═════ DATASET

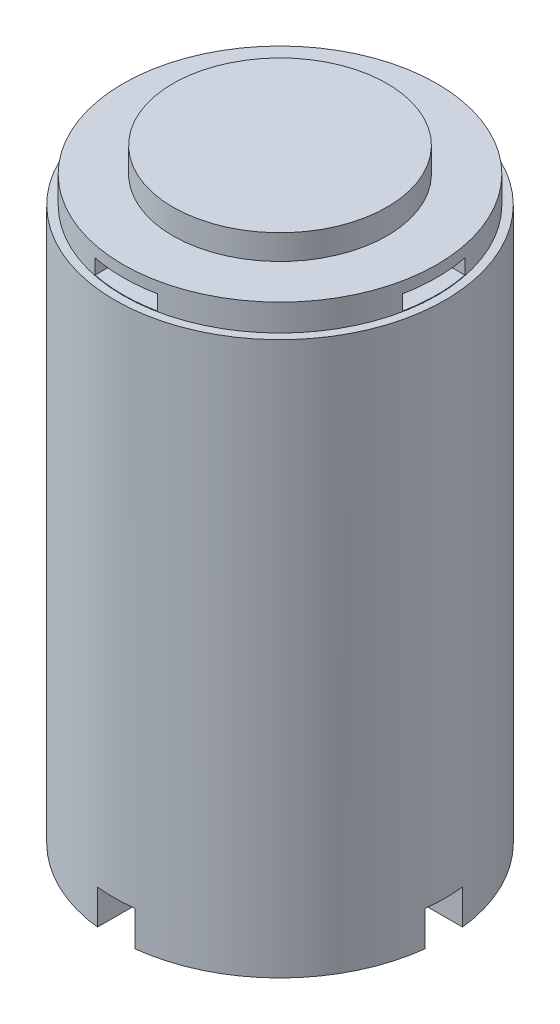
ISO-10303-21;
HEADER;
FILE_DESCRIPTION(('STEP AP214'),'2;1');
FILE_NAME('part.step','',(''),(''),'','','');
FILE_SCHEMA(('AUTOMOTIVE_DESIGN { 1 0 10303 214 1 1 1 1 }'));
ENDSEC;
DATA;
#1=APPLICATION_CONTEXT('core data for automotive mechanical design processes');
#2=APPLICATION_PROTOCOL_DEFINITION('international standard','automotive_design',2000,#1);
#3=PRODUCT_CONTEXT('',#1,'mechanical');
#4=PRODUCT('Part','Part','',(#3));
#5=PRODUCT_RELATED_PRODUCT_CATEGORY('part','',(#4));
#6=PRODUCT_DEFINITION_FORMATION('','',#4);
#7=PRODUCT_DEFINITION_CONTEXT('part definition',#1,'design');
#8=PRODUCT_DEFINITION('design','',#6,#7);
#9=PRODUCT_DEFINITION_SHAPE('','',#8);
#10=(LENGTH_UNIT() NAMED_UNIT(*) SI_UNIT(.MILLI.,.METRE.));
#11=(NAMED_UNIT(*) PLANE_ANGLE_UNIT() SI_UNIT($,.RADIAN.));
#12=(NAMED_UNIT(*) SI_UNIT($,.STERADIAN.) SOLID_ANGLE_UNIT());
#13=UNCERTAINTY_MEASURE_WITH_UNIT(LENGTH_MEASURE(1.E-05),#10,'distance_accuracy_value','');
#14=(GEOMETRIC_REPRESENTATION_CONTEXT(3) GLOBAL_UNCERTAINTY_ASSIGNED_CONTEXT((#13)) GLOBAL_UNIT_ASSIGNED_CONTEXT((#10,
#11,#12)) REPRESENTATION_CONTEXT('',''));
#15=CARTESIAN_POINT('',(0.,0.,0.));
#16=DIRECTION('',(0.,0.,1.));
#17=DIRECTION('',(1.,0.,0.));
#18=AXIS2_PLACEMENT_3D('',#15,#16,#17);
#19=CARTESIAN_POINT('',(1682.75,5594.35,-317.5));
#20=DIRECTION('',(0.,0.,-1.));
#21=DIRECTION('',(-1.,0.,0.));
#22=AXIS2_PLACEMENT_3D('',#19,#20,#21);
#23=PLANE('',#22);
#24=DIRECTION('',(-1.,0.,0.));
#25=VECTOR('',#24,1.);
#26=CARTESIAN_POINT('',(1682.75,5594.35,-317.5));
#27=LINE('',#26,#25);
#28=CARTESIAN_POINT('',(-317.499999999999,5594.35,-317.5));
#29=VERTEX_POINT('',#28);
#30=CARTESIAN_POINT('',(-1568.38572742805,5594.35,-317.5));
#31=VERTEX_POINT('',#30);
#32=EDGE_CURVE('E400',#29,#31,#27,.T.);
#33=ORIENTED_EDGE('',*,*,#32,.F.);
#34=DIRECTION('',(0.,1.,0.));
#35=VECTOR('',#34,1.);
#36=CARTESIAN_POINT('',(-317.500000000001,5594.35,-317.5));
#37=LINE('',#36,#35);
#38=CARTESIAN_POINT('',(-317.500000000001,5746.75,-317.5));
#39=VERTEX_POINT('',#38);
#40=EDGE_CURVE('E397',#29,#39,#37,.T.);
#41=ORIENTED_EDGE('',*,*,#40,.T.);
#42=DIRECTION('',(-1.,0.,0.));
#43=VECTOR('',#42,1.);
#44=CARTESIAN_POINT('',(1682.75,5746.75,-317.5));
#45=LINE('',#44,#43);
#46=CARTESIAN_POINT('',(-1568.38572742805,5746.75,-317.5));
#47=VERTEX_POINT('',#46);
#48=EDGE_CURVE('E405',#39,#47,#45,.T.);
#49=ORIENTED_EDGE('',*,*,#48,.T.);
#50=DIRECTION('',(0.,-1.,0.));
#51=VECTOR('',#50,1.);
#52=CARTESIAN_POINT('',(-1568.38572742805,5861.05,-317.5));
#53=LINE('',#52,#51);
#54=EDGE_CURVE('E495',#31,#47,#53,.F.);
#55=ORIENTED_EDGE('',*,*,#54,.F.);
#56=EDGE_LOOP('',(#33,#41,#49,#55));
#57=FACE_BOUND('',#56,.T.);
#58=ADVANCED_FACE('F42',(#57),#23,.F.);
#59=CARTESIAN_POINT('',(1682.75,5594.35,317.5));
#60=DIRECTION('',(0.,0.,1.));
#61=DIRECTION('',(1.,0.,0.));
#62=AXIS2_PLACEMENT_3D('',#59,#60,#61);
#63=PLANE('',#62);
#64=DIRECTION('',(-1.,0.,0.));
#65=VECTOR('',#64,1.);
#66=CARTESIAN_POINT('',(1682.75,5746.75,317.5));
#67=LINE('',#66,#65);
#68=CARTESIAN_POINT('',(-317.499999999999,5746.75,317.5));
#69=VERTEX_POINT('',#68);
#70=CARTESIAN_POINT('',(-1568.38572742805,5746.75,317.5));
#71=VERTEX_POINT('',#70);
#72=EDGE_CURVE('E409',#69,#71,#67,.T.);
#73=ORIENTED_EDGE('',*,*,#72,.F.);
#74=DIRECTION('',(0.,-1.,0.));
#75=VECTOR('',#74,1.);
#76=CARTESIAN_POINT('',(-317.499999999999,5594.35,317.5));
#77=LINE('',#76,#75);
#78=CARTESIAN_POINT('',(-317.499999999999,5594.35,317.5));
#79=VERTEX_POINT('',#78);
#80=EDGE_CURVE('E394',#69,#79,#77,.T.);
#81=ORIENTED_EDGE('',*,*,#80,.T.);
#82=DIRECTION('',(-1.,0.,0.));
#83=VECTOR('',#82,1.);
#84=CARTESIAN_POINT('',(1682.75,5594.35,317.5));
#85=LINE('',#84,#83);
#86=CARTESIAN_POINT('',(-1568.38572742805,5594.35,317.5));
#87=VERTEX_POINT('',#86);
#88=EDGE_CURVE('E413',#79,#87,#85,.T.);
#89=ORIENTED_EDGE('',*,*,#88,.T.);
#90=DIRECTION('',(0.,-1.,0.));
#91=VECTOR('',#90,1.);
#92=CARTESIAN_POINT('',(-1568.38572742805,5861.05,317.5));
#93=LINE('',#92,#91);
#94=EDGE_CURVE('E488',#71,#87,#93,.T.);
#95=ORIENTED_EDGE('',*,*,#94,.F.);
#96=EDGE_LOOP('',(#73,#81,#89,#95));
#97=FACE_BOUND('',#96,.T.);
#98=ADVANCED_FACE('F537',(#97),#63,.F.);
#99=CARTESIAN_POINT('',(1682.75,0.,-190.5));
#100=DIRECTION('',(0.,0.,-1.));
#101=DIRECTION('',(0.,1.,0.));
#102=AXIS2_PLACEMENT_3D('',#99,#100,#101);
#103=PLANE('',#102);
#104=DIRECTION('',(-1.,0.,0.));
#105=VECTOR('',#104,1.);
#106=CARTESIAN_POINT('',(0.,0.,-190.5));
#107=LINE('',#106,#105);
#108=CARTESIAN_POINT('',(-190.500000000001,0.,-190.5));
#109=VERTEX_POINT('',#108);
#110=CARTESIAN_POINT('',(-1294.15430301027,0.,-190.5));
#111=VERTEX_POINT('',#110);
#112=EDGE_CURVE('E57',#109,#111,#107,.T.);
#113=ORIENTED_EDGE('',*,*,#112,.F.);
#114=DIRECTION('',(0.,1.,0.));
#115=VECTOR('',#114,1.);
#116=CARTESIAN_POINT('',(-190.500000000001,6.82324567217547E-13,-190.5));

══════════

• _TO DO_
The data is to be restated word for word, with any pictures set aside.

• _REPLY TO THE TASK_
ISO-10303-21;
HEADER;
FILE_DESCRIPTION(('STEP AP214'),'2;1');
FILE_NAME('part.step','',(''),(''),'','','');
FILE_SCHEMA(('AUTOMOTIVE_DESIGN { 1 0 10303 214 1 1 1 1 }'));
ENDSEC;
DATA;
#1=APPLICATION_CONTEXT('core data for automotive mechanical design processes');
#2=APPLICATION_PROTOCOL_DEFINITION('international standard','automotive_design',2000,#1);
#3=PRODUCT_CONTEXT('',#1,'mechanical');
#4=PRODUCT('Part','Part','',(#3));
#5=PRODUCT_RELATED_PRODUCT_CATEGORY('part','',(#4));
#6=PRODUCT_DEFINITION_FORMATION('','',#4);
#7=PRODUCT_DEFINITION_CONTEXT('part definition',#1,'design');
#8=PRODUCT_DEFINITION('design','',#6,#7);
#9=PRODUCT_DEFINITION_SHAPE('','',#8);
#10=(LENGTH_UNIT() NAMED_UNIT(*) SI_UNIT(.MILLI.,.METRE.));
#11=(NAMED_UNIT(*) PLANE_ANGLE_UNIT() SI_UNIT($,.RADIAN.));
#12=(NAMED_UNIT(*) SI_UNIT($,.STERADIAN.) SOLID_ANGLE_UNIT());
#13=UNCERTAINTY_MEASURE_WITH_UNIT(LENGTH_MEASURE(1.E-05),#10,'distance_accuracy_value','');
#14=(GEOMETRIC_REPRESENTATION_CONTEXT(3) GLOBAL_UNCERTAINTY_ASSIGNED_CONTEXT((#13)) GLOBAL_UNIT_ASSIGNED_CONTEXT((#10,
#11,#12)) REPRESENTATION_CONTEXT('',''));
#15=CARTESIAN_POINT('',(0.,0.,0.));
#16=DIRECTION('',(0.,0.,1.));
#17=DIRECTION('',(1.,0.,0.));
#18=AXIS2_PLACEMENT_3D('',#15,#16,#17);
#19=CARTESIAN_POINT('',(1682.75,5594.35,-317.5));
#20=DIRECTION('',(0.,0.,-1.));
#21=DIRECTION('',(-1.,0.,0.));
#22=AXIS2_PLACEMENT_3D('',#19,#20,#21);
#23=PLANE('',#22);
#24=DIRECTION('',(-1.,0.,0.));
#25=VECTOR('',#24,1.);
#26=CARTESIAN_POINT('',(1682.75,5594.35,-317.5));
#27=LINE('',#26,#25);
#28=CARTESIAN_POINT('',(-317.499999999999,5594.35,-317.5));
#29=VERTEX_POINT('',#28);
#30=CARTESIAN_POINT('',(-1568.38572742805,5594.35,-317.5));
#31=VERTEX_POINT('',#30);
#32=EDGE_CURVE('E400',#29,#31,#27,.T.);
#33=ORIENTED_EDGE('',*,*,#32,.F.);
#34=DIRECTION('',(0.,1.,0.));
#35=VECTOR('',#34,1.);
#36=CARTESIAN_POINT('',(-317.500000000001,5594.35,-317.5));
#37=LINE('',#36,#35);
#38=CARTESIAN_POINT('',(-317.500000000001,5746.75,-317.5));
#39=VERTEX_POINT('',#38);
#40=EDGE_CURVE('E397',#29,#39,#37,.T.);
#41=ORIENTED_EDGE('',*,*,#40,.T.);
#42=DIRECTION('',(-1.,0.,0.));
#43=VECTOR('',#42,1.);
#44=CARTESIAN_POINT('',(1682.75,5746.75,-317.5));
#45=LINE('',#44,#43);
#46=CARTESIAN_POINT('',(-1568.38572742805,5746.75,-317.5));
#47=VERTEX_POINT('',#46);
#48=EDGE_CURVE('E405',#39,#47,#45,.T.);
#49=ORIENTED_EDGE('',*,*,#48,.T.);
#50=DIRECTION('',(0.,-1.,0.));
#51=VECTOR('',#50,1.);
#52=CARTESIAN_POINT('',(-1568.38572742805,5861.05,-317.5));
#53=LINE('',#52,#51);
#54=EDGE_CURVE('E495',#31,#47,#53,.F.);
#55=ORIENTED_EDGE('',*,*,#54,.F.);
#56=EDGE_LOOP('',(#33,#41,#49,#55));
#57=FACE_BOUND('',#56,.T.);
#58=ADVANCED_FACE('F42',(#57),#23,.F.);
#59=CARTESIAN_POINT('',(1682.75,5594.35,317.5));
#60=DIRECTION('',(0.,0.,1.));
#61=DIRECTION('',(1.,0.,0.));
#62=AXIS2_PLACEMENT_3D('',#59,#60,#61);
#63=PLANE('',#62);
#64=DIRECTION('',(-1.,0.,0.));
#65=VECTOR('',#64,1.);
#66=CARTESIAN_POINT('',(1682.75,5746.75,317.5));
#67=LINE('',#66,#65);
#68=CARTESIAN_POINT('',(-317.499999999999,5746.75,317.5));
#69=VERTEX_POINT('',#68);
#70=CARTESIAN_POINT('',(-1568.38572742805,5746.75,317.5));
#71=VERTEX_POINT('',#70);
#72=EDGE_CURVE('E409',#69,#71,#67,.T.);
#73=ORIENTED_EDGE('',*,*,#72,.F.);
#74=DIRECTION('',(0.,-1.,0.));
#75=VECTOR('',#74,1.);
#76=CARTESIAN_POINT('',(-317.499999999999,5594.35,317.5));
#77=LINE('',#76,#75);
#78=CARTESIAN_POINT('',(-317.499999999999,5594.35,317.5));
#79=VERTEX_POINT('',#78);
#80=EDGE_CURVE('E394',#69,#79,#77,.T.);
#81=ORIENTED_EDGE('',*,*,#80,.T.);
#82=DIRECTION('',(-1.,0.,0.));
#83=VECTOR('',#82,1.);
#84=CARTESIAN_POINT('',(1682.75,5594.35,317.5));
#85=LINE('',#84,#83);
#86=CARTESIAN_POINT('',(-1568.38572742805,5594.35,317.5));
#87=VERTEX_POINT('',#86);
#88=EDGE_CURVE('E413',#79,#87,#85,.T.);
#89=ORIENTED_EDGE('',*,*,#88,.T.);
#90=DIRECTION('',(0.,-1.,0.));
#91=VECTOR('',#90,1.);
#92=CARTESIAN_POINT('',(-1568.38572742805,5861.05,317.5));
#93=LINE('',#92,#91);
#94=EDGE_CURVE('E488',#71,#87,#93,.T.);
#95=ORIENTED_EDGE('',*,*,#94,.F.);
#96=EDGE_LOOP('',(#73,#81,#89,#95));
#97=FACE_BOUND('',#96,.T.);
#98=ADVANCED_FACE('F537',(#97),#63,.F.);
#99=CARTESIAN_POINT('',(1682.75,0.,-190.5));
#100=DIRECTION('',(0.,0.,-1.));
#101=DIRECTION('',(0.,1.,0.));
#102=AXIS2_PLACEMENT_3D('',#99,#100,#101);
#103=PLANE('',#102);
#104=DIRECTION('',(-1.,0.,0.));
#105=VECTOR('',#104,1.);
#106=CARTESIAN_POINT('',(0.,0.,-190.5));
#107=LINE('',#106,#105);
#108=CARTESIAN_POINT('',(-190.500000000001,0.,-190.5));
#109=VERTEX_POINT('',#108);
#110=CARTESIAN_POINT('',(-1294.15430301027,0.,-190.5));
#111=VERTEX_POINT('',#110);
#112=EDGE_CURVE('E57',#109,#111,#107,.T.);
#113=ORIENTED_EDGE('',*,*,#112,.F.);
#114=DIRECTION('',(0.,1.,0.));
#115=VECTOR('',#114,1.);
#116=CARTESIAN_POINT('',(-190.500000000001,6.82324567217547E-13,-190.5));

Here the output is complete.